Argentina’s food and drug administration is investigating whether the deaths are tied to the Synflorix vaccine, said an agency official who spoke on condition of anonymity because he was not authorized to discuss the case.

The drug, designed to fight pneumonia, ear infections and several other pneumococcal diseases, was manufactured by the London-based GlaxoSmithKline PLC, the world’s second-largest drug maker.

A U.S. spokeswoman for Glaxo, Sarah Alspach, said the company is not attributing the deaths to the experimental vaccine, which is being tested in three Latin American countries and in other countries around the world.

An independent board monitoring participants’ safety recommended that the Latin American trials be temporarily suspended — which they were in late June — but then gave its OK for tests to resume, she added.

“We rely on their safety review,” Alspach said. “Safety is our primary concern, always, with the development of any new treatment.”

More than 19,000 babies have received at least one dose of Synflorix, which Glaxo plans to test on a total of 24,000 infants, she said. The company is still enrolling participants.

But according to the Argentine official, who works at the country’s National Medicine, Food and Medical Technology Administration, the agency “received complaints about irregularities in the recruitment of patients” for the drug trial and on July 31 asked that recruitment be suspended.

Glaxo stopped recruiting the following day, saying it had already gathered the necessary number of participants, the official said.

Ana Maria Marchesse, who heads one of two groups that notified the national food and drug administration, told The Associated Press that she’d witnessed “poor ethical management” of patient recruitment.

“They didn’t explain to the parents that this was an experimental vaccine, and a lot of the parents who signed consent forms were illiterate,” said Marchesse, a pediatrician who heads the Health Professionals’ Labor Association in the northern Argentine province of Santiago del Estero, where she said seven of the 14 children died.

“In some cases, they first gave them the vaccine and then gave them a 13-page consent form to sign that I had to read three times to understand,” she added.

Marchesse said her group and a provincial doctors’ association reported what they saw to the food and drug administration.

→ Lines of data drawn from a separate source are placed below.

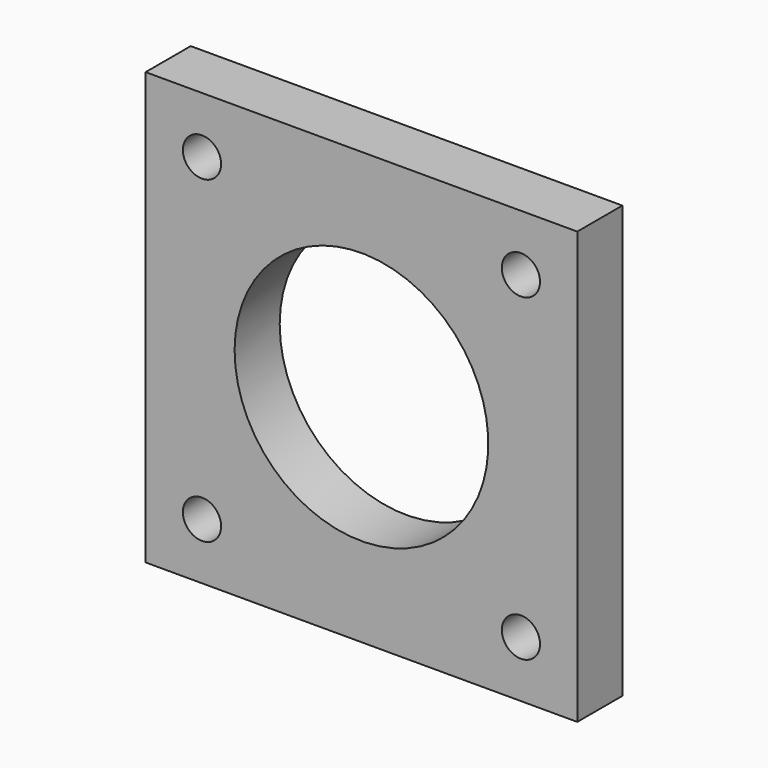
from build123d import *

# Parameters (mm, degrees)
F0_W      = 48.6210244843
F0_H      = 48.6210244843
F0_R      = 2.15265
F1_DEPTH  = 6.35
F6_W      = 2.794
F6_H      = 1.27
F8_R      = 0.2032
F9_R      = 14.2875
F10_DEPTH = 6.351


with BuildPart() as f1:
    # F0 (on Front) → F1 (new body)
    with BuildSketch(Plane.XZ):
        Rectangle(F0_W, F0_H)
        with Locations((-17.9605122421, -17.9605122421)):
            Circle(F0_R, mode=Mode.SUBTRACT)
        with Locations((17.9605122421, -17.9605122421)):
            Circle(F0_R, mode=Mode.SUBTRACT)
        with Locations((-17.9605122421, 17.9605122421)):
            Circle(F0_R, mode=Mode.SUBTRACT)
        with Locations((17.9605122421, 17.9605122421)):
            Circle(F0_R, mode=Mode.SUBTRACT)
    extrude(amount=F1_DEPTH)

    # F6 (on 3pt) → F7 (revolve, cut)
    with BuildSketch(Plane(origin=(0, 0, 0), x_dir=(1, 0, 0), z_dir=(0, 0, -1))):
        with Locations((-19.7993, 0.635)):
            Rectangle(F6_W, F6_H)
    revolve(axis=Axis((0, 0.4501026124, 0), (0, -1, 0)), mode=Mode.SUBTRACT)

    # F8
    f8_edges = [f1.edges().sort_by_distance(p)[0] for p in [
        (21.1963, -1.27, 0),
        (18.4023, 0, 0),
    ]]
    fillet(f8_edges, radius=F8_R)

    # F9 (on face) → F10 (cut, through all)
    with BuildSketch(Plane(origin=(0, 0, 0), x_dir=(-1, 0, 0), z_dir=(0, 1, 0))):
        Circle(F9_R)
    extrude(amount=-F10_DEPTH, mode=Mode.SUBTRACT)


solid = f1.part
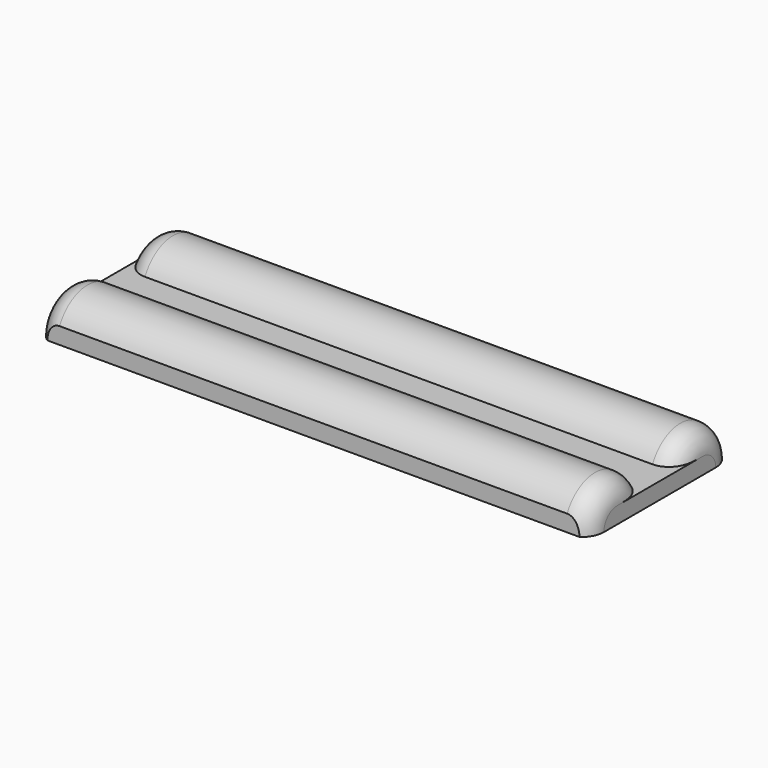
from build123d import *

# Parameters (mm, degrees)
F0_W     = 50
F0_H     = 16
F1_DEPTH = 1.5
F3_DEPTH = 50
F4_R     = 1.99999


# Not quite as in the source:
# - a fillet or chamfer is up to 0.001 mm smaller than in the source, because OpenCascade refuses the exact size


with BuildPart() as f1:
    # F0 (on Top) → F1 (new body)
    with BuildSketch(Plane.XY):
        Rectangle(F0_W, F0_H)
    extrude(amount=-F1_DEPTH)

    # F2 (on face) → F3 (join)
    with BuildSketch(Plane(origin=(-25, 0, 0), x_dir=(0, -1, 0), z_dir=(-1, 0, 0))):
        with BuildLine():
            ThreePointArc((-1.6754446797, 0), (-4.8377223398, 2), (-8, 0))
            Line((-8, 0), (-1.6754446797, 0))
        make_face()
        with BuildLine():
            ThreePointArc((8, 0), (4.8377223398, 2), (1.6754446797, 0))
            Line((1.6754446797, 0), (8, 0))
        make_face()
    extrude(amount=-F3_DEPTH)

    # F4 (radius 2 in the source; OpenCascade refuses exactly that, so slightly less here)
    f4_edges = [f1.edges().sort_by_distance(p)[0] for p in [
        (-25, -4.837722, 2),
        (-25, 4.837722, 2),
        (25, -4.837722, 2),
        (25, 4.837722, 2),
    ]]
    fillet(f4_edges, radius=F4_R)


solid = f1.part
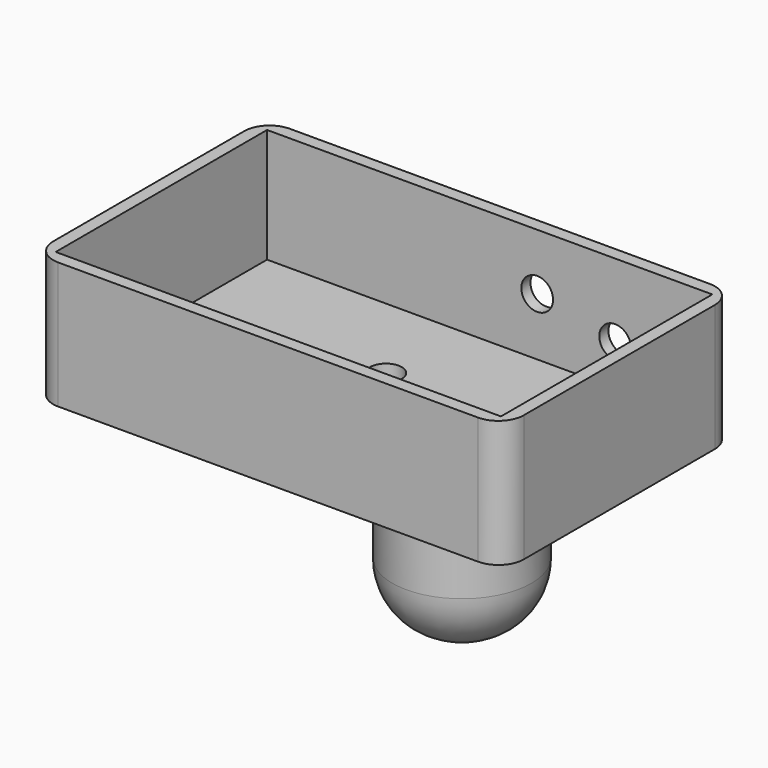
from build123d import *

# Parameters (mm, degrees)
F0_W           = 94.2332278937
F0_H           = 57.9777825624
F1_DEPTH       = 25.4
F2_T           = -2.54
F3_R           = 5.08
F5_D           = 6.35
F7_D           = 6.35
F7_DEPTH       = 12.7
F7_CBORE_D     = 12.7
F7_CBORE_DEPTH = 0.254
F7_TIP         = 1.9077324654
F9_D           = 6.35
F9_DEPTH       = 12.7
F9_CBORE_D     = 12.7
F9_CBORE_DEPTH = 0.254
F9_TIP         = 1.9077324654
F10_R          = 13.9169366501
F11_DEPTH      = 25.4
F12_R          = 12.7
F13_W          = 27.7714207768
F13_H          = 7.534484379
F14_DEPTH      = 25.4
F15_R          = 12.7
F16_T1_DEPTH   = 12.7
F16_T3_DEPTH   = 2.3714207768
F16_T6_ANGLE   = 90
F16_T8_ANGLE   = 90
F16_T10_ANGLE  = 90
F16_T12_ANGLE  = 90


# Not quite as in the source:
# - a fillet or chamfer that OpenCascade refuses, or shapes differently, is made with other operations: its cross-section is extruded or revolved along the edge and cut away or added


with BuildPart() as f1:
    # F0 (on Top) → F1 (new body)
    with BuildSketch(Plane.XY):
        with Locations((-38.147569634, 3.4275231883)):
            Rectangle(F0_W, F0_H)
    extrude(amount=F1_DEPTH)

    # F2
    f2_openings = [f1.faces().sort_by_distance(p)[0] for p in [
        (-38.14757, 3.427523, 25.4),
    ]]
    offset(amount=F2_T, openings=f2_openings)

    # F3
    f3_edges = [f1.edges().sort_by_distance(p)[0] for p in [
        (-85.264184, -25.561368, 12.7),
        (8.969044, -25.561368, 12.7),
        (8.969044, 32.416414, 12.7),
        (-85.264184, 32.416414, 12.7),
    ]]
    fillet(f3_edges, radius=F3_R)

    # F5 (through all)
    with Locations(Plane.XY.offset(2.54)):
        with Locations((-44.2425459623, 11.5331579)):
            Hole(F5_D / 2)

    # F7
    with Locations(Plane.XY.offset(2.54)):
        with Locations((-63.0617812276, -7.2897328064)):
            CounterBoreHole(F7_D / 2, F7_CBORE_D / 2, F7_CBORE_DEPTH, depth=F7_DEPTH)
            with Locations((0, 0, -(F7_DEPTH + F7_TIP / 2))):  # 118° drill point
                Cone(0, F7_D / 2, F7_TIP, mode=Mode.SUBTRACT)

    # F9
    with Locations(Plane(origin=(0, 32.4164144695, 0), x_dir=(-1, 0, 0), z_dir=(0, 1, 0))):
        with Locations((13.0262067541, 10.6704961509), (28.6341179162, 14.0921706334)):
            CounterBoreHole(F9_D / 2, F9_CBORE_D / 2, F9_CBORE_DEPTH, depth=F9_DEPTH)
            with Locations((0, 0, -(F9_DEPTH + F9_TIP / 2))):  # 118° drill point
                Cone(0, F9_D / 2, F9_TIP, mode=Mode.SUBTRACT)

    # F10 (on face) → F11 (join)
    with BuildSketch(Plane(origin=(0, 0, 0), x_dir=(1, 0, 0), z_dir=(0, 0, -1))):
        with Locations((-14.1745125875, 7.0280302316)):
            Circle(F10_R)
    extrude(amount=F11_DEPTH)

    # F12
    f12_edges = [f1.edges().sort_by_distance(p)[0] for p in [
        (-28.091449, -7.02803, -25.4),
    ]]
    fillet(f12_edges, radius=F12_R)

    # F13 (on face) → F14 (join)
    with BuildSketch(Plane(origin=(0, 0, 0), x_dir=(1, 0, 0), z_dir=(0, 0, -1))):
        with Locations((-67.7874796093, -15.7441017218)):
            Rectangle(F13_W, F13_H)
    extrude(amount=F14_DEPTH)

    # F15
    f15_edges = [f1.edges().sort_by_distance(p)[0] for p in [
        (-53.901769, 15.744102, -25.4),
        (-81.67319, 15.744102, -25.4),
    ]]
    fillet(f15_edges, radius=F15_R)

    # F16: fillet of radius 5.08 on 2 edges, made by hand

    # F16_s2 → F16_t1 (cut)
    with BuildSketch(Plane.XY.offset(-12.7)):
        with BuildLine():
            ThreePointArc((-58.9817692208, 19.5113439113), (-55.3896667724, 18.0234463597), (-53.9017692208, 14.4313439113))
            Line((-53.9017692208, 14.4313439113), (-53.9017692208, 19.5113439113))
            Line((-53.9017692208, 19.5113439113), (-58.9817692208, 19.5113439113))
        make_face()
        with BuildLine():
            ThreePointArc((-81.6731899977, 14.4313439113), (-80.1852924461, 18.0234463597), (-76.5931899977, 19.5113439113))
            Line((-76.5931899977, 19.5113439113), (-81.6731899977, 19.5113439113))
            Line((-81.6731899977, 19.5113439113), (-81.6731899977, 14.4313439113))
        make_face()
        with BuildLine():
            ThreePointArc((-81.6731899977, 17.0568595323), (-80.1852924461, 13.4647570839), (-76.5931899977, 11.9768595323))
            Line((-76.5931899977, 11.9768595323), (-81.6731899977, 11.9768595323))
            Line((-81.6731899977, 11.9768595323), (-81.6731899977, 17.0568595323))
        make_face()
        with BuildLine():
            ThreePointArc((-58.9817692208, 11.9768595323), (-55.3896667724, 13.4647570839), (-53.9017692208, 17.0568595323))
            Line((-53.9017692208, 17.0568595323), (-53.9017692208, 11.9768595323))
            Line((-53.9017692208, 11.9768595323), (-58.9817692208, 11.9768595323))
        make_face()
    extrude(amount=F16_T1_DEPTH, mode=Mode.SUBTRACT)

    # F16_s4 → F16_t3 (cut)
    with BuildSketch(Plane.YZ.offset(-68.9731899977)):
        with BuildLine():
            ThreePointArc((19.5113439113, -20.32), (18.0234463597, -23.9121024484), (14.4313439113, -25.4))
            Line((14.4313439113, -25.4), (19.5113439113, -25.4))
            Line((19.5113439113, -25.4), (19.5113439113, -20.32))
        make_face()
        with BuildLine():
            ThreePointArc((11.9768595323, -20.32), (13.4647570839, -23.9121024484), (17.0568595323, -25.4))
            Line((17.0568595323, -25.4), (11.9768595323, -25.4))
            Line((11.9768595323, -25.4), (11.9768595323, -20.32))
        make_face()
    extrude(amount=F16_T3_DEPTH, mode=Mode.SUBTRACT)

    # F16_s5 → F16_t6 (revolve, cut)
    with BuildSketch(Plane.XY.offset(-12.7)):
        with BuildLine():
            ThreePointArc((-76.5931899977, 11.9768595323), (-80.1852924461, 13.4647570839), (-81.6731899977, 17.0568595323))
            Line((-81.6731899977, 17.0568595323), (-81.6731899977, 11.9768595323))
            Line((-81.6731899977, 11.9768595323), (-76.5931899977, 11.9768595323))
        make_face()
    revolve(axis=Axis((-68.9731899977, 11.9768595323, -12.7), (0, -1, 0)), revolution_arc=F16_T6_ANGLE, mode=Mode.SUBTRACT)

    # F16_s7 → F16_t8 (revolve, cut)
    with BuildSketch(Plane.XY.offset(-12.7)):
        with BuildLine():
            ThreePointArc((-58.9817692208, 19.5113439113), (-55.3896667724, 18.0234463597), (-53.9017692208, 14.4313439113))
            Line((-53.9017692208, 14.4313439113), (-53.9017692208, 19.5113439113))
            Line((-53.9017692208, 19.5113439113), (-58.9817692208, 19.5113439113))
        make_face()
    revolve(axis=Axis((-66.6017692208, 19.5113439113, -12.7), (0, 1, 0)), revolution_arc=F16_T8_ANGLE, mode=Mode.SUBTRACT)

    # F16_s9 → F16_t10 (revolve, cut)
    with BuildSketch(Plane.XY.offset(-12.7)):
        with BuildLine():
            ThreePointArc((-81.6731899977, 14.4313439113), (-80.1852924461, 18.0234463597), (-76.5931899977, 19.5113439113))
            Line((-76.5931899977, 19.5113439113), (-81.6731899977, 19.5113439113))
            Line((-81.6731899977, 19.5113439113), (-81.6731899977, 14.4313439113))
        make_face()
    revolve(axis=Axis((-68.9731899977, 19.5113439113, -12.7), (0, -1, 0)), revolution_arc=F16_T10_ANGLE, mode=Mode.SUBTRACT)

    # F16_s11 → F16_t12 (revolve, cut)
    with BuildSketch(Plane.XY.offset(-12.7)):
        with BuildLine():
            ThreePointArc((-58.9817692208, 11.9768595323), (-55.3896667724, 13.4647570839), (-53.9017692208, 17.0568595323))
            Line((-53.9017692208, 17.0568595323), (-53.9017692208, 11.9768595323))
            Line((-53.9017692208, 11.9768595323), (-58.9817692208, 11.9768595323))
        make_face()
    revolve(axis=Axis((-66.6017692208, 11.9768595323, -12.7), (0, 1, 0)), revolution_arc=F16_T12_ANGLE, mode=Mode.SUBTRACT)


solid = f1.part
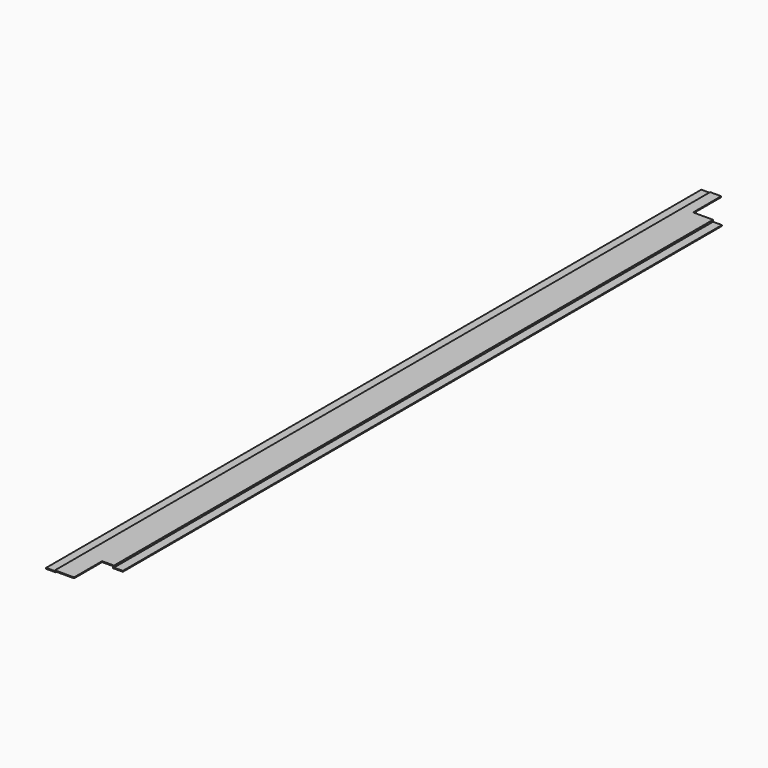
from build123d import *

# Parameters (mm, degrees)
F1_DEPTH = 2312
F2_W     = 56.23
F2_H     = 99
F2_W_2   = 25
F2_W_3   = 33.5
F3_DEPTH = 7.501


# Not quite as in the source:
# - a feature names something its author has since deleted; it is built from what else it names


with BuildPart() as f1:
    # F0 (on Front) → F1 (new body)
    with BuildSketch(Plane.XZ):
        Polygon((87.5, 0), (0, 0), (0, -2), (-25, -2), (-25, -4.5), (2.5, -4.5), (2.5, -2.5), (85, -2.5), (85, -7.5), (112.5, -7.5), (112.5, -5), (87.5, -5), align=None)
    extrude(amount=F1_DEPTH)

    # F2 (on face) → F3 (cut, through all)
    with BuildSketch(Plane.XY):
        with Locations((59.385, -49.5)):
            Rectangle(F2_W, F2_H)
        with Locations((100, -49.5)):
            Rectangle(F2_W_2, F2_H)
        Polygon((127.1371338549, -2213), (87.5, -2213), (87.5, -2312), (54, -2312), (54, -2342.1576023102), (127.1371338549, -2342.1576023102), align=None)
        with Locations((70.75, -2262.5)):
            Rectangle(F2_W_3, F2_H)
    extrude(amount=-F3_DEPTH, mode=Mode.SUBTRACT)


solid = f1.part

Glaxo’s trial includes thousands of babies in Argentina, where Alspach said 12 children died; in Panama, where another two died; and in Chile. The natural infant death rate in those countries from pneumonia is 4 to 5 of every 1,000 live births — more than four times the rate seen in the study, Alspach said.

Pneumonia is the world’s top killer among infectious diseases, causing more than 2 million deaths a year in children under five, mostly in developing countries, she said.

The company is testing the vaccine in more than 40 clinical studies around the world, she added. Data from other studies show the vaccine is about as safe and tolerable as competitor Wyeth’s blockbuster Prevnar, a vaccine widely used against pneumococcal disease, she said.

Still, the Argentine province of Santiago del Estero is conducting a separate inquiry into the deaths of the seven children there, local Health Minister Franklin Moyano told state news media.

“While legal authorities investigate, we’re in an observation phase to see if everything happened as expected, or if there were deviations that caused damage, in this case the death of seven kids,” he said.